Q4_0 GEMV epilogue fusion Added optional bias/residual epilogue operands to Adreno token GEMV and graph fusion for MUL_MAT+ADD(+ADD). Correct, but only a tiny T3/S3Gen movement on the short run; not a major bottleneck.
Batched Q4_0 GEMM epilogue fusion Added optional bias/residual epilogue to kernel_mul_mm_q4_0_f32_l4_lm, targeting CFM projection GEMMs. Correct after arg-placement fix, but core GEMM time stayed ~138 ms in the CFM graph, so surrounding adds were not the real cost.
Q4_0 GEMM tile BN=32 Changed kernel_mul_mm_q4_0_f32_l4_lm from BN=64 to BN=32 for the hot 256 x 540 CFM output shape. Regression: CFM Q4_0 GEMM grew from ~138 ms to ~181 ms. Reverted to the original 64x64 tile.
Q4_0 GEMM tile BK=64 Changed kernel_mul_mm_q4_0_f32_l4_lm from BK=32 to BK=64 while keeping BM=64/BN=64. Regression: CFM Q4_0 GEMM again grew to ~180 ms and cfm_total ~436 ms. Revert to BK=32.
Q4_0 GEMM tile BM=32 Changed kernel_mul_mm_q4_0_f32_l4_lm from BM=64 to BM=32 while keeping BN=64/BK=32. Regression: CFM Q4_0 GEMM grew to ~213 ms and cfm_total ~445 ms. Revert to BM=64.
Q4_0 GEMM thread tile TN=4 Changed per-thread output from TM=4/TN=8 to TM=4/TN=4, keeping BM=64/BN=64/BK=32. Mild regression: CFM Q4_0 GEMM rose to ~147 ms and cfm_total ~411 ms. Revert to TN=8.
CFM attention F16 Q/K/V Cast Q/K/V to F16 for flash_attn_f16, then copy output back to F32 before projection. Not better than F16 K/V only: flash attention dropped to ~92 ms, but extra copies raised total CFM to ~369 ms vs ~355 ms. Remove the flag; keep --cfm-f16-kv-attn.
Direct conv1d via CONV_2D Tested an env-gated path that reshaped 1D convs to height-1 ggml_conv_2d_direct, bypassing explicit im2col -> mul_mat. Rejected and removed. Profiling run improved HiFT (hift_decode ~169 ms), but a non-profile phone-awake sample regressed overall (S3GEN_INFER_MS ~845 ms, cfm_total ~404 ms), so the code path was deleted.

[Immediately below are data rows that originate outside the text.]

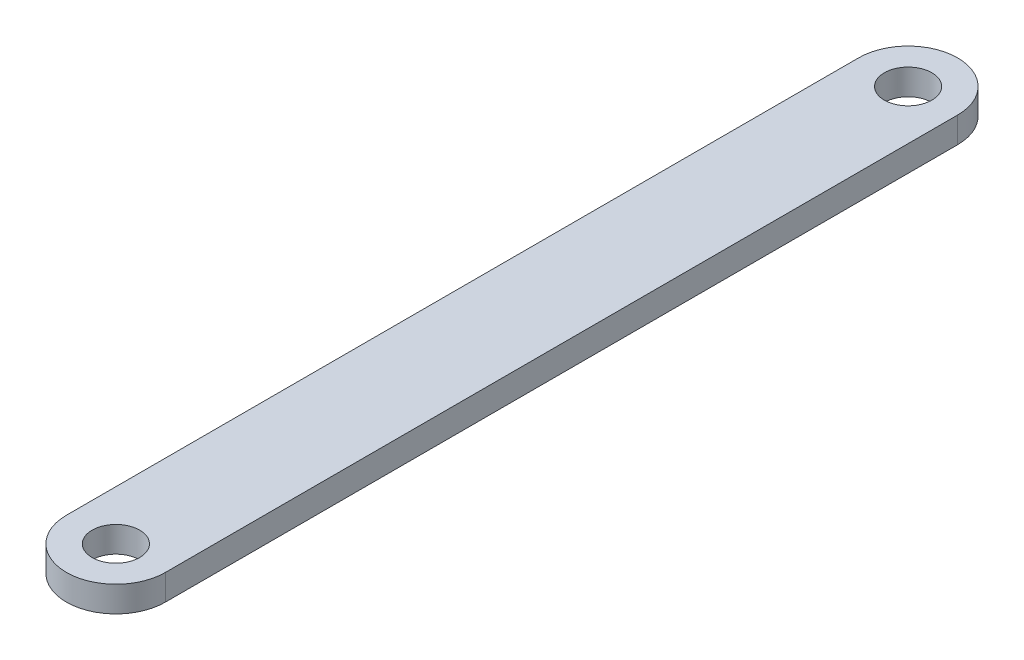
ISO-10303-21;
HEADER;
FILE_DESCRIPTION(('STEP AP214'),'2;1');
FILE_NAME('part.step','',(''),(''),'','','');
FILE_SCHEMA(('AUTOMOTIVE_DESIGN { 1 0 10303 214 1 1 1 1 }'));
ENDSEC;
DATA;
#1=APPLICATION_CONTEXT('core data for automotive mechanical design processes');
#2=APPLICATION_PROTOCOL_DEFINITION('international standard','automotive_design',2000,#1);
#3=PRODUCT_CONTEXT('',#1,'mechanical');
#4=PRODUCT('Part','Part','',(#3));
#5=PRODUCT_RELATED_PRODUCT_CATEGORY('part','',(#4));
#6=PRODUCT_DEFINITION_FORMATION('','',#4);
#7=PRODUCT_DEFINITION_CONTEXT('part definition',#1,'design');
#8=PRODUCT_DEFINITION('design','',#6,#7);
#9=PRODUCT_DEFINITION_SHAPE('','',#8);
#10=(LENGTH_UNIT() NAMED_UNIT(*) SI_UNIT(.MILLI.,.METRE.));
#11=(NAMED_UNIT(*) PLANE_ANGLE_UNIT() SI_UNIT($,.RADIAN.));
#12=(NAMED_UNIT(*) SI_UNIT($,.STERADIAN.) SOLID_ANGLE_UNIT());
#13=UNCERTAINTY_MEASURE_WITH_UNIT(LENGTH_MEASURE(1.E-05),#10,'distance_accuracy_value','');
#14=(GEOMETRIC_REPRESENTATION_CONTEXT(3) GLOBAL_UNCERTAINTY_ASSIGNED_CONTEXT((#13)) GLOBAL_UNIT_ASSIGNED_CONTEXT((#10,
#11,#12)) REPRESENTATION_CONTEXT('',''));
#15=CARTESIAN_POINT('',(0.,0.,0.));
#16=DIRECTION('',(0.,0.,1.));
#17=DIRECTION('',(1.,0.,0.));
#18=AXIS2_PLACEMENT_3D('',#15,#16,#17);
#19=CARTESIAN_POINT('',(0.,3.25,0.));
#20=DIRECTION('',(0.,1.,0.));
#21=DIRECTION('',(0.,0.,1.));
#22=AXIS2_PLACEMENT_3D('',#19,#20,#21);
#23=PLANE('',#22);
#24=CARTESIAN_POINT('',(0.,3.25,-200.));
#25=DIRECTION('',(0.,1.,0.));
#26=DIRECTION('',(0.,0.,1.));
#27=AXIS2_PLACEMENT_3D('',#24,#25,#26);
#28=CIRCLE('',#27,6.);
#29=CARTESIAN_POINT('',(0.,3.25,-206.));
#30=VERTEX_POINT('',#29);
#31=EDGE_CURVE('E106',#30,#30,#28,.T.);
#32=ORIENTED_EDGE('',*,*,#31,.F.);
#33=EDGE_LOOP('',(#32));
#34=FACE_BOUND('',#33,.T.);
#35=CARTESIAN_POINT('',(0.,3.25,0.));
#36=DIRECTION('',(0.,1.,0.));
#37=DIRECTION('',(0.,0.,1.));
#38=AXIS2_PLACEMENT_3D('',#35,#36,#37);
#39=CIRCLE('',#38,12.5);
#40=CARTESIAN_POINT('',(-12.5,3.25,0.));
#41=VERTEX_POINT('',#40);
#42=CARTESIAN_POINT('',(12.5,3.25,0.));
#43=VERTEX_POINT('',#42);
#44=EDGE_CURVE('E91',#41,#43,#39,.T.);
#45=ORIENTED_EDGE('',*,*,#44,.T.);
#46=DIRECTION('',(0.,0.,-1.));
#47=VECTOR('',#46,1.);
#48=CARTESIAN_POINT('',(12.5,3.25,0.));
#49=LINE('',#48,#47);
#50=CARTESIAN_POINT('',(12.5,3.25,-200.));
#51=VERTEX_POINT('',#50);
#52=EDGE_CURVE('E86',#43,#51,#49,.T.);
#53=ORIENTED_EDGE('',*,*,#52,.T.);
#54=CARTESIAN_POINT('',(0.,3.25,-200.));
#55=DIRECTION('',(0.,1.,0.));
#56=DIRECTION('',(0.,0.,1.));
#57=AXIS2_PLACEMENT_3D('',#54,#55,#56);
#58=CIRCLE('',#57,12.5);
#59=CARTESIAN_POINT('',(-12.5,3.25,-200.));
#60=VERTEX_POINT('',#59);
#61=EDGE_CURVE('E87',#51,#60,#58,.T.);
#62=ORIENTED_EDGE('',*,*,#61,.T.);
#63=DIRECTION('',(0.,0.,1.));
#64=VECTOR('',#63,1.);
#65=CARTESIAN_POINT('',(-12.5,3.25,0.));
#66=LINE('',#65,#64);
#67=EDGE_CURVE('E57',#60,#41,#66,.T.);
#68=ORIENTED_EDGE('',*,*,#67,.T.);
#69=EDGE_LOOP('',(#45,#53,#62,#68));
#70=FACE_BOUND('',#69,.T.);
#71=CARTESIAN_POINT('',(0.,3.25,0.));
#72=DIRECTION('',(0.,1.,0.));
#73=DIRECTION('',(0.,0.,1.));
#74=AXIS2_PLACEMENT_3D('',#71,#72,#73);
#75=CIRCLE('',#74,6.);
#76=CARTESIAN_POINT('',(0.,3.25,-6.));
#77=VERTEX_POINT('',#76);
#78=EDGE_CURVE('E123',#77,#77,#75,.T.);
#79=ORIENTED_EDGE('',*,*,#78,.F.);
#80=EDGE_LOOP('',(#79));
#81=FACE_BOUND('',#80,.T.);
#82=ADVANCED_FACE('F39',(#34,#70,#81),#23,.T.);
#83=CARTESIAN_POINT('',(0.,-3.25,0.));
#84=DIRECTION('',(0.,1.,0.));
#85=DIRECTION('',(0.,0.,1.));
#86=AXIS2_PLACEMENT_3D('',#83,#84,#85);
#87=PLANE('',#86);
#88=CARTESIAN_POINT('',(0.,-3.25,0.));
#89=DIRECTION('',(0.,1.,0.));
#90=DIRECTION('',(0.,0.,1.));
#91=AXIS2_PLACEMENT_3D('',#88,#89,#90);
#92=CIRCLE('',#91,12.5);
#93=CARTESIAN_POINT('',(-12.5,-3.25,0.));
#94=VERTEX_POINT('',#93);
#95=CARTESIAN_POINT('',(12.5,-3.25,0.));
#96=VERTEX_POINT('',#95);
#97=EDGE_CURVE('E104',#94,#96,#92,.T.);
#98=ORIENTED_EDGE('',*,*,#97,.F.);
#99=DIRECTION('',(0.,0.,1.));
#100=VECTOR('',#99,1.);
#101=CARTESIAN_POINT('',(-12.5,-3.25,0.));
#102=LINE('',#101,#100);
#103=CARTESIAN_POINT('',(-12.5,-3.25,-200.));
#104=VERTEX_POINT('',#103);
#105=EDGE_CURVE('E80',#104,#94,#102,.T.);
#106=ORIENTED_EDGE('',*,*,#105,.F.);
#107=CARTESIAN_POINT('',(0.,-3.25,-200.));
#108=DIRECTION('',(0.,1.,0.));
#109=DIRECTION('',(0.,0.,1.));
#110=AXIS2_PLACEMENT_3D('',#107,#108,#109);
#111=CIRCLE('',#110,12.5);
#112=CARTESIAN_POINT('',(12.5,-3.25,-200.));
#113=VERTEX_POINT('',#112);
#114=EDGE_CURVE('E74',#113,#104,#111,.T.);
#115=ORIENTED_EDGE('',*,*,#114,.F.);
#116=DIRECTION('',(0.,0.,-1.));
#117=VECTOR('',#116,1.);
#118=CARTESIAN_POINT('',(12.5,-3.25,0.));
#119=LINE('',#118,#117);
#120=EDGE_CURVE('E94',#96,#113,#119,.T.);
#121=ORIENTED_EDGE('',*,*,#120,.F.);
#122=EDGE_LOOP('',(#98,#106,#115,#121));
#123=FACE_BOUND('',#122,.T.);
#124=CARTESIAN_POINT('',(0.,-3.25,-200.));
#125=DIRECTION('',(0.,1.,0.));
#126=DIRECTION('',(0.,0.,1.));
#127=AXIS2_PLACEMENT_3D('',#124,#125,#126);
#128=CIRCLE('',#127,6.);
#129=CARTESIAN_POINT('',(0.,-3.25,-206.));
#130=VERTEX_POINT('',#129);
#131=EDGE_CURVE('E119',#130,#130,#128,.T.);
#132=ORIENTED_EDGE('',*,*,#131,.T.);
#133=EDGE_LOOP('',(#132));
#134=FACE_BOUND('',#133,.T.);
#135=CARTESIAN_POINT('',(0.,-3.25,0.));
#136=DIRECTION('',(0.,1.,0.));
#137=DIRECTION('',(0.,0.,1.));
#138=AXIS2_PLACEMENT_3D('',#135,#136,#137);
#139=CIRCLE('',#138,6.);
#140=CARTESIAN_POINT('',(0.,-3.25,-6.));
#141=VERTEX_POINT('',#140);
#142=EDGE_CURVE('E125',#141,#141,#139,.T.);
#143=ORIENTED_EDGE('',*,*,#142,.T.);
#144=EDGE_LOOP('',(#143));
#145=FACE_BOUND('',#144,.T.);
#146=ADVANCED_FACE('F114',(#123,#134,#145),#87,.F.);
#147=CARTESIAN_POINT('',(0.,3.25,0.));
#148=DIRECTION('',(0.,-1.,0.));
#149=DIRECTION('',(0.,0.,-1.));
#150=AXIS2_PLACEMENT_3D('',#147,#148,#149);
#151=CYLINDRICAL_SURFACE('',#150,12.5);
#152=ORIENTED_EDGE('',*,*,#97,.T.);
#153=DIRECTION('',(0.,-1.,0.));
#154=VECTOR('',#153,1.);
#155=CARTESIAN_POINT('',(12.5,3.25,0.));
#156=LINE('',#155,#154);
#157=EDGE_CURVE('E11',#43,#96,#156,.T.);
#158=ORIENTED_EDGE('',*,*,#157,.F.);
#159=ORIENTED_EDGE('',*,*,#44,.F.);
#160=DIRECTION('',(0.,-1.,0.));
#161=VECTOR('',#160,1.);
#162=CARTESIAN_POINT('',(-12.5,3.25,0.));
#163=LINE('',#162,#161);
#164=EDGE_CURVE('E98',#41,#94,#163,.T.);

Current measured bottlenecks after the useful attention change:

CFM graph (cl_profiling_0022.csv):
kernel_mul_mm_q4_0_f32_l4_lm  ~138 ms
flash_attn_f32_f16            ~102 ms

Next experiments should target the core Q4_0 batched GEMM math itself (kernel_mul_mm_q4_0_f32_l4_lm), not epilogue/add fusion.